Foto: Kevin L. Méndez.

Desde que recibió el Premio Pritzker, ¿ha cambiado su visión de la arquitectura? 

—Sí. El trabajo del arquitecto no es solo hacer un edificio, sino también notar la actividad del interior. Es decir, fuera de la construcción. Diseñamos el edificio con el entorno exterior. Eso es un trabajo activo. 

Mis diseños son en conjunto con el entorno, y así lo propongo con el cliente. Entonces, cuando me comunicó con ellos, habló de cómo reconocer el ambiente.  

Su trabajo se enfoca en fusionar naturaleza, ser humano y arquitectura, ¿cómo hacerlo sin cambiar el entorno? 

—Es inevitable. La arquitectura cambia el entorno. Incluso un edificio o casa pequeña. Generan una relación con el exterior. Por eso, el arquitecto tiene una fuerte influencia. Incluso la pequeña arquitectura puede cambiar el entorno y sus alrededores.

Es su segunda visita a Guatemala, ¿hubo algo que le impactó? 

—Estuve aquí antes del terremoto en 1976. La ciudad ha cambiado mucho, influenciada por lo que dejó ese desastre natural. Si bien ahora es un espacio seguro, también me gustaría mencionar que la ciudad debe incluir lo comunitario. No se debe pensar solo en lo comercial. 

Después de tantos años, sigue utilizando la metodología que le enseñó Hiroshi Hara, ¿por qué? 

—Vine a Guatemala con el señor Hara, que era profesor de la Universidad de Tokio. Me uní a su investigación en todo el mundo. De ahí que sea importante para mí ver las relaciones comunitarias en el pueblo. Lo vi en Latinoamérica, Europa, África y Asia. 

Creamos ese sistema de convivencia para la investigación, antes de que existiera el pensamiento modernizado. Esto es muy útil para hacer una ciudad del futuro.
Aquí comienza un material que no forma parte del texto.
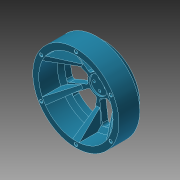
# Autodesk Inventor part: Переходник
Saved by Autodesk Inventor 2022 (Build 260153000, 153)
## iProperties
RuleStatus: InUse
Part Number: Переходник
Checked By: Якушев
Engr Approved By: Малов
Material: По умолчанию1
Document SubType Name: Modeling
Mfg Approved By: Судаков
Designer: Смирнов
Density: 1 g/cm^3
Appearance: Бирюзовый
AfterMaterialChange0: Материал
BeforeDocSave0: Материал
AfterAnyiPropertyChange0: Материал
Материал: По умолчанию1
Author: Смирнов
Autodesk Inventor part; units mm, degrees
ref_plane "YZ Plane" through (0, 0, 0) normal (1, 0, 0) x (0, 1, 0)
ref_plane "XZ Plane" through (0, 0, 0) normal (0, 1, 0) x (-1, 0, 0)
ref_plane "XY Plane" through (0, 0, 0) normal (0, 0, 1) x (1, 0, 0)
sketch "Эскиз1" plane through (0, 0, 0) normal (0, 0, 1) x (1, 0, 0)
  line L0 (0, 0) -> (0, 60)
  line L1 (0, 38) -> (0, 30)
  line L2 (0, 30) -> (45, 30)
  line L3 (50, 25) -> (50, 0)
  line L4 (50, 0) -> (58, 0)
  line L5 (58, 0) -> (58, 28)
  line L6 (48, 38) -> (0, 38)
  line L7 (45, 30) -> (50, 25)
  line L8 (48, 38) -> (58, 28)
  point P0 (50, 30)
  point P1 (58, 38)
  dimension "d0" = 100
  dimension "d1" = 116
  dimension "d2" = 8
  dimension "d3" = 30
  dimension "d4" = 5
  dimension "d5" = 5
  dimension "d6" = 10
  dimension "d7" = 10
  dimension "d36" = 8
  constraints: 18 end point, 6 point on line, 2 horizontal, 2 perpendicular, 1 midpoint, 1 vertical
  measures "d0" diameter of L3 L0
  measures "d1" diameter of L5 L0
  measures "d2" distance of L3.end L4.end
  measures "d3" distance of point (50, 30) L3.end
  measures "d4" distance of L2.end point (50, 30)
  measures "d5" distance of L3.start point (50, 30)
  measures "d6" distance of L6.start point (58, 38)
  measures "d7" distance of L5.end point (58, 38)
  measures "d36" distance between parallel lines of L2 L6
revolve "Вращение1" add sketch "Эскиз1" angle 360 about axis through (0, 0, 0) along (0, 1, 0)
sketch "Эскиз2" plane through (0, 0, 0) normal (1, 0, 0) x (0, 1, 0)
  line L0 (0, 50) -> (25, 50) projected
  line L1 (25, 50) -> (30, 45) projected
  line L2 (30, 45) -> (30, -45) projected
  line L3 (0, 50) -> (30, 25)
  line L4 (-5.8, 0) -> (34.8, 0) projected
  point P0 (0, 0)
  dimension "d9" = 25
  constraints: 2 end point, 1 point on line
  measures "d9" distance from line of L3.end L0
revolve "Вращение2" add sketch "Эскиз2" angle 10 mid plane about axis through (0, -10, 0) along (0, 1, 0)
pattern_circular "Круговой массив1" count 6 over 360 about axis through (0, 14, 0) along (0, -1, 0) of "Вращение2"
sketch "Эскиз3" plane through (0, 30, 0) normal (0, -1, 0) x (1, 0, 0)
  circle A0 centre (0, 0) radius 7.5 construction
  line L0 (0, 0) -> (0, 24.5029) construction
  circle A1 centre (0, 7.5) radius 1.7
  circle A2 centre (-7.5, 0) radius 1.7
  circle A3 centre (0, 0) radius 7.5 construction
  circle A4 centre (0, -7.5) radius 1.7
  circle A5 centre (0, 0) radius 7.5 construction
  circle A6 centre (7.5, 0) radius 1.7
  circle A7 centre (0, 0) radius 7.5 construction
  dimension "d19" = 15
  dimension "d14" = 3.4
  dimension "d17" = 360
  constraints: 4 centre point, 3 coincident, 2 end point, 2 horizontal alignment, 2 vertical alignment, 1 point on line, 1 vertical, 23 other
  measures "d14" diameter of A1
extrude "Выдавливание1" cut sketch "Эскиз3" against normal through all
sketch "Эскиз4" plane through (0, 30, 0) normal (0, -1, 0) x (1, 0, 0)
  circle A0 centre (0, 0) radius 12
  dimension "d22" = 24
  constraints: 1 centre point, 1 coincident
  measures "d22" diameter of A0
extrude "Выдавливание2" cut sketch "Эскиз4" against normal blind 2
sketch "Эскиз5" plane through (0, 30, 0) normal (0, -1, 0) x (1, 0, 0)
  arc A0 (40.7839, -19.0178) -> (40.7839, 19.0178) centre (0, 0) ccw projected
  circle A1 centre (0, 0) radius 12 construction
  circle A2 centre (0, 0) radius 14
  line L0 (0, 0) -> (41.5746, 17.2208)
  line L1 (0, 0) -> (72.7869, 0) construction
  line L2 (0, 0) -> (41.5746, -17.2208)
  point P0 (12.9343, -5.3576)
  point P1 (12.9343, 5.3576)
  dimension "d25" = 2
  dimension "d26" = 45
  constraints: 6 end point, 2 point on circle, 1 centre point, 1 coincident, 1 horizontal, 1 other
  measures "d25" radial gap between concentric circles of A2 A1
  measures "d26" angle of L2 L0
extrude "Выдавливание3" cut sketch "Эскиз5" against normal through all contours L2 A2 L0 A0
fillet "Сопряжение1" radius 3 4 edges at (12.9343, 34, 5.3576) (12.9343, 34, -5.3576) (41.5746, 34, 17.2208) (41.5746, 34, -17.2208)
pattern_circular "Круговой массив2" count 6 over 360 about axis through (0, 14, 0) along (0, -1, 0) of "Сопряжение1", "Выдавливание3"
chamfer "Фаска1" distance 2 angle 45 4 edges at (-1.7, 38, -7.5) (-9.2, 38, 0) (-1.7, 38, 7.5) (5.8, 38, 0)
sketch "Эскиз6" plane through (0, 0, 0) normal (0, -1, 0) x (1, 0, 0)
  line L0 (0, 0) -> (0, 75.0526) construction
  circle A0 centre (0, 0) radius 58 construction
  arc A1 (40.9576, 28.6788) -> (4.3578, 49.8097) centre (0, 0) ccw construction
  arc A2 (4.3578, 49.8097) -> (-4.3578, 49.8097) centre (0, 0) ccw construction
  circle A3 centre (0, 0) radius 58 construction
  arc A4 (-4.3578, 49.8097) -> (-40.9576, 28.6788) centre (0, 0) ccw construction
  arc A5 (4.3578, 49.8097) -> (-4.3578, 49.8097) centre (0, 0) ccw construction
  arc A6 (40.9576, 28.6788) -> (4.3578, 49.8097) centre (0, 0) ccw construction
  arc A7 (45.3154, 21.1309) -> (40.9576, 28.6788) centre (0, 0) ccw construction
  arc A8 (45.3154, -21.1309) -> (45.3154, 21.1309) centre (0, 0) ccw construction
  arc A9 (40.9576, -28.6788) -> (45.3154, -21.1309) centre (0, 0) ccw construction
  arc A10 (4.3578, -49.8097) -> (40.9576, -28.6788) centre (0, 0) ccw construction
  arc A11 (-4.3578, -49.8097) -> (4.3578, -49.8097) centre (0, 0) ccw construction
  arc A12 (-40.9576, -28.6788) -> (-4.3578, -49.8097) centre (0, 0) ccw construction
  arc A13 (-45.3154, -21.1309) -> (-40.9576, -28.6788) centre (0, 0) ccw construction
  arc A14 (-45.3154, 21.1309) -> (-45.3154, -21.1309) centre (0, 0) ccw construction
  arc A15 (-40.9576, 28.6788) -> (-45.3154, 21.1309) centre (0, 0) ccw construction
  line L1 (0, 58) -> (0, 50) construction
  point P0 (0, 54)
  constraints: 4 end point, 1 midpoint, 1 point on circle, 1 point on line, 1 vertical, 1 vertical alignment, 1 other
hole "Отверстие1" at (0, 0, 54) direction (0, 1, 0) diameter 3.9 depth 8 countersink diameter 4.5 countersink angle 90
pattern_circular "Круговой массив3" count 6 over 360 about axis through (0, 14, 0) along (0, -1, 0) of "Отверстие1"
sketch "Эскиз7" plane through (0, 38, 0) normal (0, 1, 0) x (1, 0, 0)
  line L0 (18.8219, 3.6597) -> (13.4444, 10.6677) construction
  line L1 (13.4444, 10.6677) -> (-8.0124, -5.7967) construction
  line L2 (-8.0124, -5.7967) -> (-2.6349, -12.8048) construction
  line L3 (-2.6349, -12.8048) -> (18.8219, 3.6597) construction
  line L4 (33.2357, 25.5027) -> (13.2753, 10.1865) projected
  point P0 (0, 0)
  constraints: 1 parallel, 2 other
equation "\"d5\" = d4"
equation "\"d6\" = d7"

Incluso como arquitectos, hacer pueblos pequeños es significativo para las ciudades. 

Dignificar a las personas, ¿eso es lo que pretende con su trabajo en asentamientos? 

—La idea básica de una ciudad es que hay muchas personas coexistiendo. El pensamiento es que se ayuden unos a otros, vivan juntos y desarrollen un sistema de comunidad, que es importante en el futuro. 

Hemos destruido muchas comunidades con el pensamiento modernizado. Lo que tenemos que hacer es cambiar el paradigma a una idea de cómo hacer sistema comunitario modernizado.

Parece que tiene una visión romántica de lo que debería ser una ciudad, pero no empata con la realidad, ¿qué opina sobre eso? 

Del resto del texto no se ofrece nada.